The most recent Trustees’ report estimated that the
45% mark would be reached in 2012, and it is likely that the next report
will include a similar estimate. If this happens, Medicare will be
subject to draconian cuts and more privatization. This is ironic, since
privatization is substantially responsible for the increasing cost of
Medicare.
While the country has, so far, successfully
resisted privatizing Social Security, Medicare has already been
transformed into an array of private plans, with barely any comment from
the media or policy makers.
We are already hearing that we can't afford this
old Medicare program and must, cynically, look more, not less, to
limited-coverage from private plans. Meanwhile people with Medicare -
soon to include millions of Baby Boomers - will have to go without. And
insurance, managed care, and pharmaceutical companies will benefit.

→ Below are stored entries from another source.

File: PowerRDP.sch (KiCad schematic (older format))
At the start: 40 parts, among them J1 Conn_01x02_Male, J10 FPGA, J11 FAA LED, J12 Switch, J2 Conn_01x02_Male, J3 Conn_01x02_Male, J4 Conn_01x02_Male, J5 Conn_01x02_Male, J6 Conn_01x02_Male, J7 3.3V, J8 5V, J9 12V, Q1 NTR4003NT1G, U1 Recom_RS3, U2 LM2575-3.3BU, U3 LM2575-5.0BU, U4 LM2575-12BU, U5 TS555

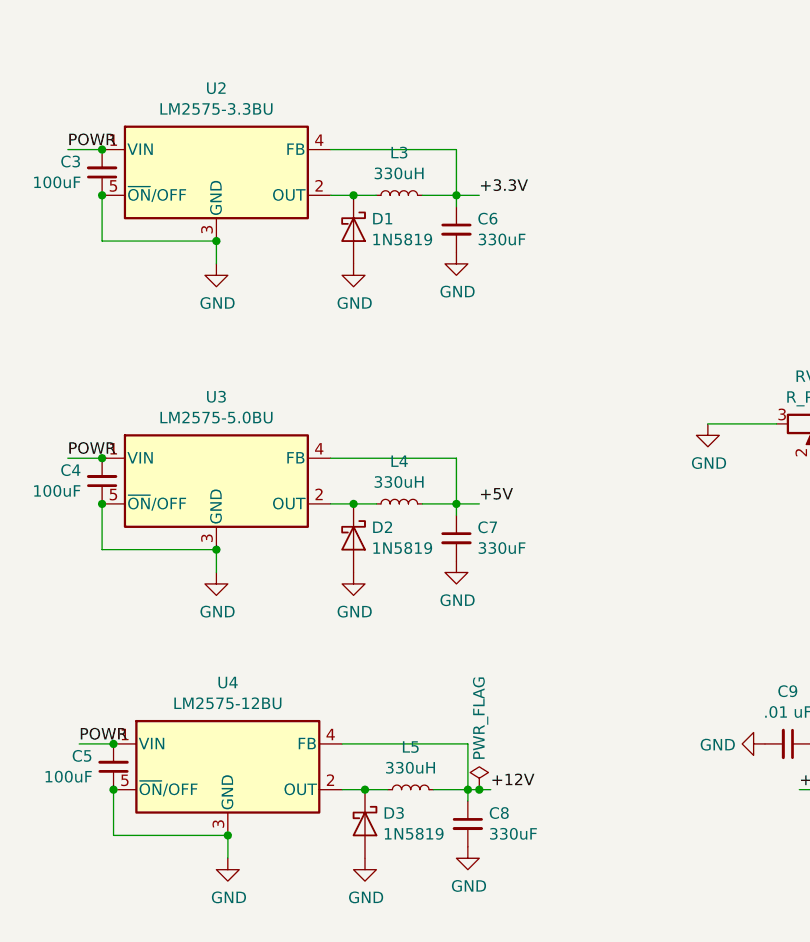
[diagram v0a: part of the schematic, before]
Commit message: Fix capcaitors and inductors and expand board to sustain girth of new components.
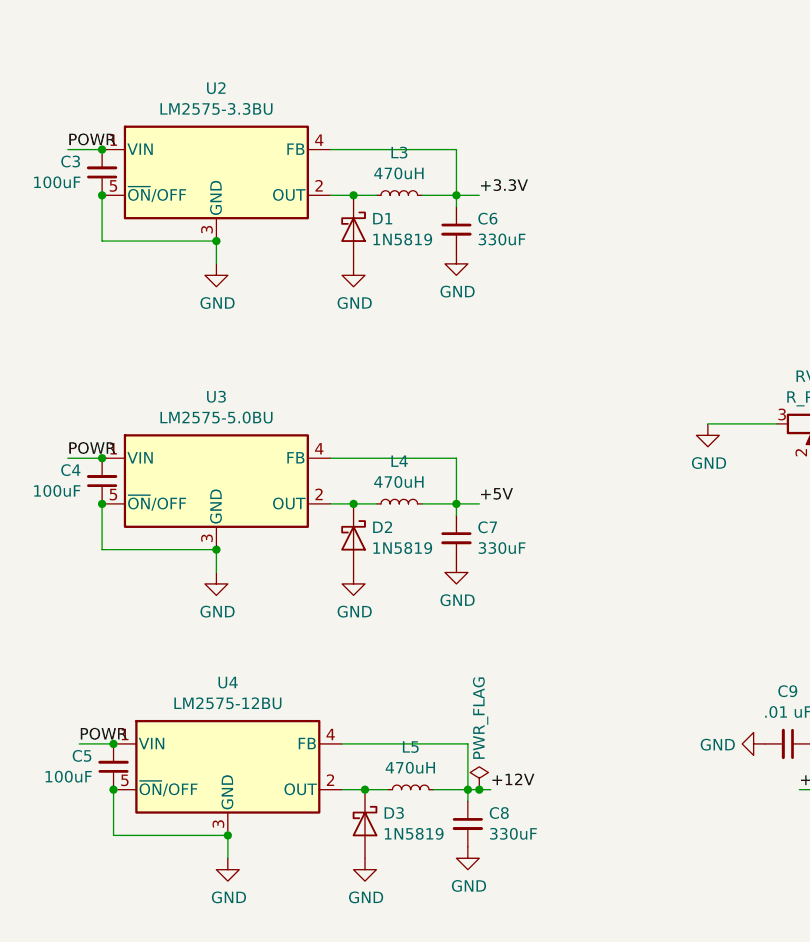
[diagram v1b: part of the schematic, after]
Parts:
- C3, C4, C5: footprint Capacitor_SMD:C_0805_2012Metric_Pad1.15x1.40mm_HandSolder -> Capacitor_SMD:CP_Elec_6.3x7.7
- C6, C7, C8: footprint Capacitor_SMD:C_0805_2012Metric_Pad1.15x1.40mm_HandSolder -> Capacitor_SMD:CP_Elec_8x10
- L3, L4, L5: value 330uH -> 470uH; footprint Inductor_SMD:L_0805_2012Metric_Pad1.15x1.40mm_HandSolder -> Inductor_SMD:L_Bourns_SRR1260
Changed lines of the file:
@@
 P 6850 1350
 F 0 "L3" V 7035 1350 50  0000 C CNN
-F 1 "330uH" V 6944 1350 50  0000 C CNN
-F 2 "Inductor_SMD:L_0805_2012Metric_Pad1.15x1.40mm_HandSolder" H 6850 1350 50  0001 C CNN
+F 1 "470uH" V 6944 1350 50  0000 C CNN
+F 2 "Inductor_SMD:L_Bourns_SRR1260" H 6850 1350 50  0001 C CNN
 F 3 "~" H 6850 1350 50  0001 C CNN
 	1    6850 1350
@@
 F 0 "C6" H 7192 1546 50  0000 L CNN
 F 1 "330uF" H 7192 1455 50  0000 L CNN
-F 2 "Capacitor_SMD:C_0805_2012Metric_Pad1.15x1.40mm_HandSolder" H 7100 1500 50  0001 C CNN
+F 2 "Capacitor_SMD:CP_Elec_8x10" H 7100 1500 50  0001 C CNN
 F 3 "~" H 7100 1500 50  0001 C CNN
 	1    7100 1500
@@
 F 0 "C4" H 5459 2554 50  0000 R CNN
 F 1 "100uF" H 5459 2645 50  0000 R CNN
-F 2 "Capacitor_SMD:C_0805_2012Metric_Pad1.15x1.40mm_HandSolder" H 5550 2600 50  0001 C CNN
+F 2 "Capacitor_SMD:CP_Elec_6.3x7.7" H 5550 2600 50  0001 C CNN
 F 3 "~" H 5550 2600 50  0001 C CNN
 	1    5550 2600
@@
 P 6850 2700
 F 0 "L4" V 7035 2700 50  0000 C CNN
-F 1 "330uH" V 6944 2700 50  0000 C CNN
-F 2 "Inductor_SMD:L_0805_2012Metric_Pad1.15x1.40mm_HandSolder" H 6850 2700 50  0001 C CNN
+F 1 "470uH" V 6944 2700 50  0000 C CNN
+F 2 "Inductor_SMD:L_Bourns_SRR1260" H 6850 2700 50  0001 C CNN
 F 3 "~" H 6850 2700 50  0001 C CNN
 	1    6850 2700
@@
 F 0 "C7" H 7192 2896 50  0000 L CNN
 F 1 "330uF" H 7192 2805 50  0000 L CNN
-F 2 "Capacitor_SMD:C_0805_2012Metric_Pad1.15x1.40mm_HandSolder" H 7100 2850 50  0001 C CNN
+F 2 "Capacitor_SMD:CP_Elec_8x10" H 7100 2850 50  0001 C CNN
 F 3 "~" H 7100 2850 50  0001 C CNN
 	1    7100 2850
@@
 P 6900 3950
 F 0 "L5" V 7085 3950 50  0000 C CNN
-F 1 "330uH" V 6994 3950 50  0000 C CNN
-F 2 "Inductor_SMD:L_0805_2012Metric_Pad1.15x1.40mm_HandSolder" H 6900 3950 50  0001 C CNN
+F 1 "470uH" V 6994 3950 50  0000 C CNN
+F 2 "Inductor_SMD:L_Bourns_SRR1260" H 6900 3950 50  0001 C CNN
 F 3 "~" H 6900 3950 50  0001 C CNN
 	1    6900 3950
@@
 F 0 "C8" H 7242 4146 50  0000 L CNN
 F 1 "330uF" H 7242 4055 50  0000 L CNN
-F 2 "Capacitor_SMD:C_0805_2012Metric_Pad1.15x1.40mm_HandSolder" H 7150 4100 50  0001 C CNN
+F 2 "Capacitor_SMD:CP_Elec_8x10" H 7150 4100 50  0001 C CNN
 F 3 "~" H 7150 4100 50  0001 C CNN
 	1    7150 4100
@@
 F 0 "C3" H 5459 1204 50  0000 R CNN
 F 1 "100uF" H 5459 1295 50  0000 R CNN
-F 2 "Capacitor_SMD:C_0805_2012Metric_Pad1.15x1.40mm_HandSolder" H 5550 1250 50  0001 C CNN
+F 2 "Capacitor_SMD:CP_Elec_6.3x7.7" H 5550 1250 50  0001 C CNN
 F 3 "~" H 5550 1250 50  0001 C CNN
 	1    5550 1250
@@
 F 0 "C5" H 5509 3804 50  0000 R CNN
 F 1 "100uF" H 5509 3895 50  0000 R CNN
-F 2 "Capacitor_SMD:C_0805_2012Metric_Pad1.15x1.40mm_HandSolder" H 5600 3850 50  0001 C CNN
+F 2 "Capacitor_SMD:CP_Elec_6.3x7.7" H 5600 3850 50  0001 C CNN
 F 3 "~" H 5600 3850 50  0001 C CNN
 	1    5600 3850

It is time to stop egregious overpayments to
private industry and start promoting and developing the affordable,
comprehensive traditional Medicare program. We need to flag down the
private Medicare train that’s speeding down the track before it’s too
late.
Notes:
[1]
Brian Biles, MD, Payments to Medicare Advantage Plans Exceed
Fee-For-Service Costs: Options for Medicare Savings from 2007 – 2011,
(George Washington University, 9/15/2006).